EPS8 supports pancreatic cancer growth by inhibiting BMI1 mediated proteasomal degradation of ALDH7A1.

Abstract Aldehyde dehydrogenase 7 family member A1 (ALDH7A1) is an enzyme catalyzing lipid peroxidation of fatty aldehydes. It plays a critical role in sustaining high oxygen consumption rate (OCR) and ATP production in pancreatic ductal adenocarcinoma (PADC). However, why PADC cells maintain a relatively high level of ALDH7A1 concentration is still not well understood.
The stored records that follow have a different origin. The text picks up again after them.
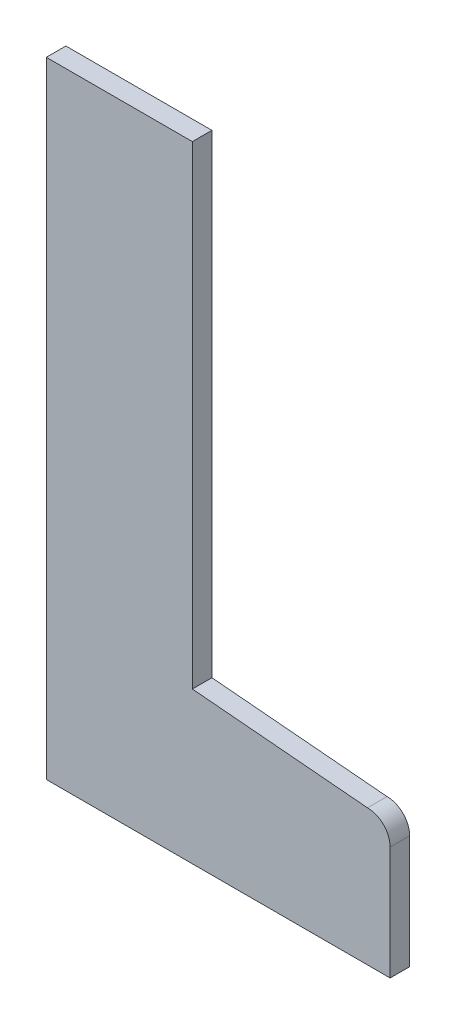
ISO-10303-21;
HEADER;
FILE_DESCRIPTION(('STEP AP214'),'2;1');
FILE_NAME('part.step','',(''),(''),'','','');
FILE_SCHEMA(('AUTOMOTIVE_DESIGN { 1 0 10303 214 1 1 1 1 }'));
ENDSEC;
DATA;
#1=APPLICATION_CONTEXT('core data for automotive mechanical design processes');
#2=APPLICATION_PROTOCOL_DEFINITION('international standard','automotive_design',2000,#1);
#3=PRODUCT_CONTEXT('',#1,'mechanical');
#4=PRODUCT('Part','Part','',(#3));
#5=PRODUCT_RELATED_PRODUCT_CATEGORY('part','',(#4));
#6=PRODUCT_DEFINITION_FORMATION('','',#4);
#7=PRODUCT_DEFINITION_CONTEXT('part definition',#1,'design');
#8=PRODUCT_DEFINITION('design','',#6,#7);
#9=PRODUCT_DEFINITION_SHAPE('','',#8);
#10=(LENGTH_UNIT() NAMED_UNIT(*) SI_UNIT(.MILLI.,.METRE.));
#11=(NAMED_UNIT(*) PLANE_ANGLE_UNIT() SI_UNIT($,.RADIAN.));
#12=(NAMED_UNIT(*) SI_UNIT($,.STERADIAN.) SOLID_ANGLE_UNIT());
#13=UNCERTAINTY_MEASURE_WITH_UNIT(LENGTH_MEASURE(1.E-05),#10,'distance_accuracy_value','');
#14=(GEOMETRIC_REPRESENTATION_CONTEXT(3) GLOBAL_UNCERTAINTY_ASSIGNED_CONTEXT((#13)) GLOBAL_UNIT_ASSIGNED_CONTEXT((#10,
#11,#12)) REPRESENTATION_CONTEXT('',''));
#15=CARTESIAN_POINT('',(0.,0.,0.));
#16=DIRECTION('',(0.,0.,1.));
#17=DIRECTION('',(1.,0.,0.));
#18=AXIS2_PLACEMENT_3D('',#15,#16,#17);
#19=CARTESIAN_POINT('',(141.422179453836,-74.8032573548353,11.90625));
#20=DIRECTION('',(0.,1.,0.));
#21=DIRECTION('',(-1.,0.,0.));
#22=AXIS2_PLACEMENT_3D('',#19,#20,#21);
#23=PLANE('',#22);
#24=DIRECTION('',(1.,0.,0.));
#25=VECTOR('',#24,1.);
#26=CARTESIAN_POINT('',(-101.285966724172,-74.8032573548353,11.90625));
#27=LINE('',#26,#25);
#28=CARTESIAN_POINT('',(-68.0119667241719,-74.8032573548353,11.90625));
#29=VERTEX_POINT('',#28);
#30=CARTESIAN_POINT('',(141.422179453836,-74.8032573548353,11.90625));
#31=VERTEX_POINT('',#30);
#32=EDGE_CURVE('E86',#29,#31,#27,.T.);
#33=ORIENTED_EDGE('',*,*,#32,.F.);
#34=DIRECTION('',(0.,0.,1.));
#35=VECTOR('',#34,1.);
#36=CARTESIAN_POINT('',(-68.0119667241719,-74.8032573548353,0.));
#37=LINE('',#36,#35);
#38=CARTESIAN_POINT('',(-68.0119667241719,-74.8032573548353,0.));
#39=VERTEX_POINT('',#38);
#40=EDGE_CURVE('E151',#39,#29,#37,.T.);
#41=ORIENTED_EDGE('',*,*,#40,.F.);
#42=DIRECTION('',(1.,0.,0.));
#43=VECTOR('',#42,1.);
#44=CARTESIAN_POINT('',(141.422179453836,-74.8032573548353,0.));
#45=LINE('',#44,#43);
#46=CARTESIAN_POINT('',(141.422179453836,-74.8032573548353,0.));
#47=VERTEX_POINT('',#46);
#48=EDGE_CURVE('E125',#39,#47,#45,.T.);
#49=ORIENTED_EDGE('',*,*,#48,.T.);
#50=DIRECTION('',(0.,0.,-1.));
#51=VECTOR('',#50,1.);
#52=CARTESIAN_POINT('',(141.422179453836,-74.8032573548353,11.90625));
#53=LINE('',#52,#51);
#54=EDGE_CURVE('E11',#31,#47,#53,.T.);
#55=ORIENTED_EDGE('',*,*,#54,.F.);
#56=EDGE_LOOP('',(#33,#41,#49,#55));
#57=FACE_BOUND('',#56,.T.);
#58=ADVANCED_FACE('F32',(#57),#23,.F.);
#59=CARTESIAN_POINT('',(141.422179453836,-74.8032573548353,11.90625));
#60=DIRECTION('',(-1.,0.,0.));
#61=DIRECTION('',(0.,0.,1.));
#62=AXIS2_PLACEMENT_3D('',#59,#60,#61);
#63=PLANE('',#62);
#64=DIRECTION('',(0.,1.,0.));
#65=VECTOR('',#64,1.);
#66=CARTESIAN_POINT('',(141.422179453836,-74.8032573548353,0.));
#67=LINE('',#66,#65);
#68=CARTESIAN_POINT('',(141.422179453836,-5.72537224715956,0.));
#69=VERTEX_POINT('',#68);
#70=EDGE_CURVE('E127',#47,#69,#67,.T.);
#71=ORIENTED_EDGE('',*,*,#70,.T.);
#72=DIRECTION('',(0.,0.,-1.));
#73=VECTOR('',#72,1.);
#74=CARTESIAN_POINT('',(141.422179453836,-5.72537224715956,11.90625));
#75=LINE('',#74,#73);
#76=CARTESIAN_POINT('',(141.422179453836,-5.72537224715956,11.90625));
#77=VERTEX_POINT('',#76);
#78=EDGE_CURVE('E39',#77,#69,#75,.T.);
#79=ORIENTED_EDGE('',*,*,#78,.F.);
#80=DIRECTION('',(0.,1.,0.));
#81=VECTOR('',#80,1.);
#82=CARTESIAN_POINT('',(141.422179453836,-74.8032573548353,11.90625));
#83=LINE('',#82,#81);
#84=EDGE_CURVE('E101',#31,#77,#83,.T.);
#85=ORIENTED_EDGE('',*,*,#84,.F.);
#86=ORIENTED_EDGE('',*,*,#54,.T.);
#87=EDGE_LOOP('',(#71,#79,#85,#86));
#88=FACE_BOUND('',#87,.T.);
#89=ADVANCED_FACE('F160',(#88),#63,.F.);
#90=CARTESIAN_POINT('',(127.61642521393,-5.72537224715956,11.90625));
#91=DIRECTION('',(0.,0.,-1.));
#92=DIRECTION('',(-1.,0.,0.));
#93=AXIS2_PLACEMENT_3D('',#90,#91,#92);
#94=CYLINDRICAL_SURFACE('',#93,13.8057542399065);
#95=CARTESIAN_POINT('',(127.61642521393,-5.72537224715956,0.));
#96=DIRECTION('',(0.,0.,1.));
#97=DIRECTION('',(1.,0.,0.));
#98=AXIS2_PLACEMENT_3D('',#95,#96,#97);
#99=CIRCLE('',#98,13.8057542399065);
#100=CARTESIAN_POINT('',(127.61642521393,8.08038199274699,0.));
#101=VERTEX_POINT('',#100);
#102=EDGE_CURVE('E110',#69,#101,#99,.T.);
#103=ORIENTED_EDGE('',*,*,#102,.T.);
#104=DIRECTION('',(0.,0.,-1.));
#105=VECTOR('',#104,1.);
#106=CARTESIAN_POINT('',(127.61642521393,8.08038199274699,11.90625));
#107=LINE('',#106,#105);
#108=CARTESIAN_POINT('',(127.61642521393,8.08038199274699,11.90625));
#109=VERTEX_POINT('',#108);
#110=EDGE_CURVE('E107',#109,#101,#107,.T.);
#111=ORIENTED_EDGE('',*,*,#110,.F.);
#112=CARTESIAN_POINT('',(127.61642521393,-5.72537224715956,11.90625));
#113=DIRECTION('',(0.,0.,1.));
#114=DIRECTION('',(1.,0.,0.));
#115=AXIS2_PLACEMENT_3D('',#112,#113,#114);
#116=CIRCLE('',#115,13.8057542399065);
#117=EDGE_CURVE('E94',#77,#109,#116,.T.);
#118=ORIENTED_EDGE('',*,*,#117,.F.);
#119=ORIENTED_EDGE('',*,*,#78,.T.);
#120=EDGE_LOOP('',(#103,#111,#118,#119));
#121=FACE_BOUND('',#120,.T.);
#122=ADVANCED_FACE('F108',(#121),#94,.T.);
#123=CARTESIAN_POINT('',(127.61642521393,8.08038199274699,11.90625));
#124=DIRECTION('',(-0.0871557427476513,-0.996194698091746,0.));
#125=DIRECTION('',(0.996194698091746,-0.0871557427476513,0.));
#126=AXIS2_PLACEMENT_3D('',#123,#124,#125);
#127=PLANE('',#126);
#128=DIRECTION('',(-0.996194698091746,0.0871557427476513,0.));
#129=VECTOR('',#128,1.);
#130=CARTESIAN_POINT('',(127.61642521393,8.08038199274699,0.));
#131=LINE('',#130,#129);
#132=CARTESIAN_POINT('',(20.9438538219921,17.4130226987006,0.));
#133=VERTEX_POINT('',#132);
#134=EDGE_CURVE('E130',#101,#133,#131,.T.);
#135=ORIENTED_EDGE('',*,*,#134,.T.);
#136=DIRECTION('',(0.,0.,-1.));
#137=VECTOR('',#136,1.);
#138=CARTESIAN_POINT('',(20.9438538219921,17.4130226987006,11.90625));
#139=LINE('',#138,#137);
#140=CARTESIAN_POINT('',(20.9438538219921,17.4130226987006,11.90625));
#141=VERTEX_POINT('',#140);
#142=EDGE_CURVE('E114',#141,#133,#139,.T.);
#143=ORIENTED_EDGE('',*,*,#142,.F.);
#144=DIRECTION('',(-0.996194698091746,0.0871557427476513,0.));
#145=VECTOR('',#144,1.);
#146=CARTESIAN_POINT('',(127.61642521393,8.08038199274699,11.90625));
#147=LINE('',#146,#145);
#148=EDGE_CURVE('E98',#109,#141,#147,.T.);
#149=ORIENTED_EDGE('',*,*,#148,.F.);
#150=ORIENTED_EDGE('',*,*,#110,.T.);
#151=EDGE_LOOP('',(#135,#143,#149,#150));
#152=FACE_BOUND('',#151,.T.);
#153=ADVANCED_FACE('F116',(#152),#127,.F.);
#154=CARTESIAN_POINT('',(20.943853821992,111.886742645165,11.90625));
#155=DIRECTION('',(-1.,0.,0.));
#156=DIRECTION('',(0.,-1.,0.));
#157=AXIS2_PLACEMENT_3D('',#154,#155,#156);
#158=PLANE('',#157);
#159=DIRECTION('',(0.,1.,0.));
#160=VECTOR('',#159,1.);
#161=CARTESIAN_POINT('',(20.943853821992,111.886742645165,0.));
#162=LINE('',#161,#160);
#163=CARTESIAN_POINT('',(20.943853821992,306.196742645165,0.));
#164=VERTEX_POINT('',#163);
#165=EDGE_CURVE('E132',#133,#164,#162,.T.);
#166=ORIENTED_EDGE('',*,*,#165,.T.);
#167=DIRECTION('',(0.,0.,-1.));
#168=VECTOR('',#167,1.);
#169=CARTESIAN_POINT('',(20.943853821992,306.196742645165,11.90625));
#170=LINE('',#169,#168);
#171=CARTESIAN_POINT('',(20.943853821992,306.196742645165,11.90625));
#172=VERTEX_POINT('',#171);
#173=EDGE_CURVE('E124',#172,#164,#170,.T.);
#174=ORIENTED_EDGE('',*,*,#173,.F.);
#175=DIRECTION('',(0.,1.,0.));
#176=VECTOR('',#175,1.);
#177=CARTESIAN_POINT('',(20.9438538219921,34.4953341590868,11.90625));
#178=LINE('',#177,#176);
#179=EDGE_CURVE('E55',#141,#172,#178,.T.);
#180=ORIENTED_EDGE('',*,*,#179,.F.);
#181=ORIENTED_EDGE('',*,*,#142,.T.);
#182=EDGE_LOOP('',(#166,#174,#180,#181));
#183=FACE_BOUND('',#182,.T.);
#184=ADVANCED_FACE('F142',(#183),#158,.F.);
#185=CARTESIAN_POINT('',(-101.285966724172,306.196742645165,11.90625));
#186=DIRECTION('',(0.,-1.,0.));
#187=DIRECTION('',(1.,0.,0.));
#188=AXIS2_PLACEMENT_3D('',#185,#186,#187);
#189=PLANE('',#188);
#190=DIRECTION('',(-1.,0.,0.));
#191=VECTOR('',#190,1.);
#192=CARTESIAN_POINT('',(-101.285966724172,306.196742645165,0.));
#193=LINE('',#192,#191);
#194=CARTESIAN_POINT('',(-68.0119667241719,306.196742645165,0.));
#195=VERTEX_POINT('',#194);
#196=EDGE_CURVE('E78',#164,#195,#193,.T.);
#197=ORIENTED_EDGE('',*,*,#196,.T.);
#198=DIRECTION('',(0.,0.,1.));
#199=VECTOR('',#198,1.);
#200=CARTESIAN_POINT('',(-68.0119667241719,306.196742645165,0.));
#201=LINE('',#200,#199);
#202=CARTESIAN_POINT('',(-68.0119667241719,306.196742645165,11.90625));
#203=VERTEX_POINT('',#202);
#204=EDGE_CURVE('E46',#195,#203,#201,.T.);
#205=ORIENTED_EDGE('',*,*,#204,.T.);
#206=DIRECTION('',(-1.,0.,0.));
#207=VECTOR('',#206,1.);
#208=CARTESIAN_POINT('',(20.943853821992,306.196742645165,11.90625));
#209=LINE('',#208,#207);
#210=EDGE_CURVE('E119',#172,#203,#209,.T.);
#211=ORIENTED_EDGE('',*,*,#210,.F.);
#212=ORIENTED_EDGE('',*,*,#173,.T.);
#213=EDGE_LOOP('',(#197,#205,#211,#212));
#214=FACE_BOUND('',#213,.T.);
#215=ADVANCED_FACE('F145',(#214),#189,.F.);
#216=CARTESIAN_POINT('',(127.61642521393,-5.72537224715956,11.90625));
#217=DIRECTION('',(0.,0.,1.));
#218=DIRECTION('',(1.,0.,0.));
#219=AXIS2_PLACEMENT_3D('',#216,#217,#218);
#220=PLANE('',#219);
#221=DIRECTION('',(0.,1.,0.));
#222=VECTOR('',#221,1.);
#223=CARTESIAN_POINT('',(-68.0119667241719,-74.8032573548353,11.90625));
#224=LINE('',#223,#222);
#225=EDGE_CURVE('E147',#29,#203,#224,.T.);
#226=ORIENTED_EDGE('',*,*,#225,.F.);
#227=ORIENTED_EDGE('',*,*,#32,.T.);
#228=ORIENTED_EDGE('',*,*,#84,.T.);
#229=ORIENTED_EDGE('',*,*,#117,.T.);
#230=ORIENTED_EDGE('',*,*,#148,.T.);
#231=ORIENTED_EDGE('',*,*,#179,.T.);
#232=ORIENTED_EDGE('',*,*,#210,.T.);
#233=EDGE_LOOP('',(#226,#227,#228,#229,#230,#231,#232));
#234=FACE_BOUND('',#233,.T.);
#235=ADVANCED_FACE('F96',(#234),#220,.T.);
#236=CARTESIAN_POINT('',(127.61642521393,-5.72537224715956,0.));
#237=DIRECTION('',(0.,0.,1.));
#238=DIRECTION('',(1.,0.,0.));
#239=AXIS2_PLACEMENT_3D('',#236,#237,#238);
#240=PLANE('',#239);
#241=ORIENTED_EDGE('',*,*,#48,.F.);
#242=DIRECTION('',(0.,1.,0.));
#243=VECTOR('',#242,1.);
#244=CARTESIAN_POINT('',(-68.0119667241719,-74.8032573548353,0.));
#245=LINE('',#244,#243);
#246=EDGE_CURVE('E153',#39,#195,#245,.T.);
#247=ORIENTED_EDGE('',*,*,#246,.T.);
#248=ORIENTED_EDGE('',*,*,#196,.F.);
#249=ORIENTED_EDGE('',*,*,#165,.F.);
#250=ORIENTED_EDGE('',*,*,#134,.F.);
#251=ORIENTED_EDGE('',*,*,#102,.F.);
#252=ORIENTED_EDGE('',*,*,#70,.F.);
#253=EDGE_LOOP('',(#241,#247,#248,#249,#250,#251,#252));
#254=FACE_BOUND('',#253,.T.);
#255=ADVANCED_FACE('F140',(#254),#240,.F.);
#256=CARTESIAN_POINT('',(-68.0119667241719,-74.8032573548353,0.));
#257=DIRECTION('',(1.,0.,0.));
#258=DIRECTION('',(0.,0.,-1.));
#259=AXIS2_PLACEMENT_3D('',#256,#257,#258);
#260=PLANE('',#259);
#261=ORIENTED_EDGE('',*,*,#225,.T.);
#262=ORIENTED_EDGE('',*,*,#204,.F.);
#263=ORIENTED_EDGE('',*,*,#246,.F.);
#264=ORIENTED_EDGE('',*,*,#40,.T.);
#265=EDGE_LOOP('',(#261,#262,#263,#264));
#266=FACE_BOUND('',#265,.T.);
#267=ADVANCED_FACE('F152',(#266),#260,.F.);
#268=CLOSED_SHELL('',(#58,#89,#122,#153,#184,#215,#235,#255,#267));
#269=MANIFOLD_SOLID_BREP('B2',#268);
#270=ADVANCED_BREP_SHAPE_REPRESENTATION('',(#18,#269),#14);
#271=SHAPE_DEFINITION_REPRESENTATION(#9,#270);
ENDSEC;
END-ISO-10303-21;

In the current study, we explored the interplay between epidermal growth factor receptor kinase substrate 8 (EPS8) and ALDH7A1 in PADC cells. PADC cell lines MIA PaCa-2 and AsPANC-1 were used for in vitro and in vivo studies. The co-IP assay showed mutual interactions between Flag-EPS8 and Myc-ALDH7A1 in both MIA PaCa-2 and AsPANC-1 cells. EPS8 knockdown resulted in decreased ALDH7A1 protein levels and increased poly-ubiquitination. An interaction was observed between ALDH7A1 and BMI1 but not between BMI1 and EPS8. BMI1 knockdown reduced ALDH7A1 poly-ubiquitination and degradation caused by EPS8 knockdown. Dual EPS8 and ALDH7A1 knockdown had a synergistic effect on suppressing PADC cell proliferation in vitro and in vivo. In conclusion, this study revealed that EPS8 supports PADC growth by interacting with ALDH7A1 and inhibiting BMI1 mediated proteasomal degradation of ALDH7A1.